In fact, I had a good flow to set up a date right then and there but I only thought of it after thought.
"Number swap article" or the "Approach from text article JGIG"
I thought of a "relevancy just happens technique"

Her: I love sushi!
Me: You're kidding, you too?
Her: I just can't stop
Me: Oh tell me about it, a party plate, gonna be all gone if I'm there
Her: Just down all of it!

Could of easily said, 'Hey, let's grab some sushi sometime"
Not duh, yet I missed.

Now I'm left with "patterns" but no results to confirm.
She did show a little more :l as we chatted and she started to look ahead of the bus (stop soon, I saw this movement too. Could have dropped a "number swap" move from your article then and there.

Lastly
I want to reiterate that I noticed her :l and ask what do you think?

I'm wondering if her :l face, might not be "I'm so bored of this topic" because we were talking about things she does too. Unless she was lying to qualifying to me! But nonetheless, do you think it's also a cue for "Come on, ask my number already, my stop is coming up!"

I was keeping an eye on her body language. "oh school topic" = bored face
so I changed it, then she was smiling. She did glance at her phone in her purse when it vibrated and directed attention back to me.
But at the end, she just kept the :l....despite of talking something she was agreeing on.
She was also answering in an "not as excited as the beginning of conversation" in her tone.
It wasn't completely monotone and draggy, but it wasn't as filled with excitement as the start.

Interesting...

Best,
Lawliet

Author
Chase Amante's picture

Lawliet-

"What about you?" in my experience usually means you're not leading the conversation well enough. She's trying to find some way to keep the conversation going, so she decides to effectively ask you whatever you just asked her... But in a weak way.

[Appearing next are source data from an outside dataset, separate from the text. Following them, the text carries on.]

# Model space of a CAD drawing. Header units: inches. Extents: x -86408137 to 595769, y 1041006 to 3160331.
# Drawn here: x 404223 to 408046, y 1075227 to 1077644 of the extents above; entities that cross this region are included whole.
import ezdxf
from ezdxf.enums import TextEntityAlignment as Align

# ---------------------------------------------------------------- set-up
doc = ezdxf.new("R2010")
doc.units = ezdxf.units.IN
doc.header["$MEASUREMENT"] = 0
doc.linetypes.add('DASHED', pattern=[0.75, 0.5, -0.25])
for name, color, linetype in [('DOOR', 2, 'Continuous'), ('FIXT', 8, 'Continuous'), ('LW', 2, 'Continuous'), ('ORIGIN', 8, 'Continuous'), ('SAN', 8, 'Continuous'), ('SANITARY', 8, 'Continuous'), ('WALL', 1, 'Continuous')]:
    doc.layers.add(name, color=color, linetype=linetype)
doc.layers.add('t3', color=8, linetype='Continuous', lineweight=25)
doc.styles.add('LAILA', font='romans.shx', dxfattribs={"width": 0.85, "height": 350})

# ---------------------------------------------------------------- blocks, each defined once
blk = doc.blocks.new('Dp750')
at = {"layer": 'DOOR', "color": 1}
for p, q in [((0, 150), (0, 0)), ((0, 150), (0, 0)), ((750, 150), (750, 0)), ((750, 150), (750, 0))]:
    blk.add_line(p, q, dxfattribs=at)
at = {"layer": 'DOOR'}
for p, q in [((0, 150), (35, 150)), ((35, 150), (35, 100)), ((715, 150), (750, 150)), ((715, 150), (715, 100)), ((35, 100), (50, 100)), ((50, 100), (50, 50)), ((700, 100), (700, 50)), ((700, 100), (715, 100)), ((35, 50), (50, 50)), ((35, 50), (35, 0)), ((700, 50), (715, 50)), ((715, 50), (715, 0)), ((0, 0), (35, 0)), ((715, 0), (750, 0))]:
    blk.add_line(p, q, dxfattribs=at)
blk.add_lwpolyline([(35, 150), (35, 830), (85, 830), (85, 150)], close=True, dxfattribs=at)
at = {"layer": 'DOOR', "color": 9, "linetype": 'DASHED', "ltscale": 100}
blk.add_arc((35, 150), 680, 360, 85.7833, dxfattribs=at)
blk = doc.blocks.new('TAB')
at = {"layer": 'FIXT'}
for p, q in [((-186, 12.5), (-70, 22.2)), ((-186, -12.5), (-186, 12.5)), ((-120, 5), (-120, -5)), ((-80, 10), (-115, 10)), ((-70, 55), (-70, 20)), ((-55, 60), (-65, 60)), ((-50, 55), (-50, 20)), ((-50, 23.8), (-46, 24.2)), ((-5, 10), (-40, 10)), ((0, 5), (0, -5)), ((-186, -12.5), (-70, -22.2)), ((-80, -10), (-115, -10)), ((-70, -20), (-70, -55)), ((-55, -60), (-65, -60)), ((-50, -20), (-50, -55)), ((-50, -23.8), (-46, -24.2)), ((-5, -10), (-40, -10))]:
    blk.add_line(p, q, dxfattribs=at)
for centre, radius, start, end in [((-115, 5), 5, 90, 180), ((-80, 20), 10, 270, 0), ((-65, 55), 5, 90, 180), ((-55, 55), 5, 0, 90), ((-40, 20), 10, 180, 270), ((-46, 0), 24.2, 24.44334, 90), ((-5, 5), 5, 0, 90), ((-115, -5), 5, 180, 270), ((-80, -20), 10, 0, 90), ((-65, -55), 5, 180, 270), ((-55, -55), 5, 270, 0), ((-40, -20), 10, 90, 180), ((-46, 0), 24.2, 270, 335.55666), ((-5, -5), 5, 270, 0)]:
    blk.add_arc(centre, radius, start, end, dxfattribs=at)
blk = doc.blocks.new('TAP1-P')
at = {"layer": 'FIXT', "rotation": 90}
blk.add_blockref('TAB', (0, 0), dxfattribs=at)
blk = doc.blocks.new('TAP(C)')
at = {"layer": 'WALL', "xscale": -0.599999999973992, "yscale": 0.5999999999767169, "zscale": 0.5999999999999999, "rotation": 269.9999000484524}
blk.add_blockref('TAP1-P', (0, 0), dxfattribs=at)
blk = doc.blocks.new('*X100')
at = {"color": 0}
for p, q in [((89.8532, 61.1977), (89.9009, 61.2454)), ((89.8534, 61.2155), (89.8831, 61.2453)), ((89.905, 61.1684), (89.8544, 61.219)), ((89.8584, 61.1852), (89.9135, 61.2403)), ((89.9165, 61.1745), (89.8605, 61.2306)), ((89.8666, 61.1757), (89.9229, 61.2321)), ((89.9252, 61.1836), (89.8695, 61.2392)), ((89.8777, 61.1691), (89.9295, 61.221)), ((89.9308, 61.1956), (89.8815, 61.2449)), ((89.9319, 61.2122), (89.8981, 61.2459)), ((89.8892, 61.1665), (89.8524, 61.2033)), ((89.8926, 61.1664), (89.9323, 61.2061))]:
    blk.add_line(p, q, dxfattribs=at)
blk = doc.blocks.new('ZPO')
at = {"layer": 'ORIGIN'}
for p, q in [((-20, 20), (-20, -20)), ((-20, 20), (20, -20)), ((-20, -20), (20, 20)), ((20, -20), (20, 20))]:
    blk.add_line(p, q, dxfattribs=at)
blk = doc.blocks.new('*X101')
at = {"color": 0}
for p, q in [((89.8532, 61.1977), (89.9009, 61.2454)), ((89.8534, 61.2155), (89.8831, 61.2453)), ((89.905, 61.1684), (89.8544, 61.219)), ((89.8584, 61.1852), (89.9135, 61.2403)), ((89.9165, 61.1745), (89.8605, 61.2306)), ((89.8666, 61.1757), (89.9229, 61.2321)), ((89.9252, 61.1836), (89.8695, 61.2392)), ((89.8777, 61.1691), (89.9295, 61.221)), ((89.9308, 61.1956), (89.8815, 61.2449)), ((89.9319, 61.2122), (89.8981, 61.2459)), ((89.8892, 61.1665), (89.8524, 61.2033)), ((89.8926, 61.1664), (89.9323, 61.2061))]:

If you run the conversation well enough (i.e., active listening), she'll never have the chance to ask what about you, often because you'll already have moved off that initial starter topic in a way it doesn't make sense for her to ask you this by the time she hits a break in the conversation.

If you're getting it quickly, sometimes it's an effort to prevent deep diving, yes. Both the girl and the guy feel more connected when the girl talks about herself, so this is sometimes a not-so-subtle way of putting the spotlight on you to say, in essence, "I am done talking about myself; this connection goes no further." If you're having it happen later into interactions, it may mean you're missing escalation windows and girls are auto-rejecting (or, alternately, just deciding this isn't going anywhere and trying to make their exits).

Chase

LateGame's picture

If she came from an intensely painful childhood teasing experience - especially ugly duckling syndrome - this is a big teasing red flag.... same for men. It takes a gentle hand to tease both.

Author
Chase Amante's picture

LateGame-

Yes, great point.

People who suffered a lot of teasing tend to be really sensitive to any teasing.

Sometimes a near-total inability to laugh at themselves. Which can make them kind of downers to be around... Hair-trigger tempers for teasing and all that.

Usually best to avoid teasing altogether if you find out she has history like this.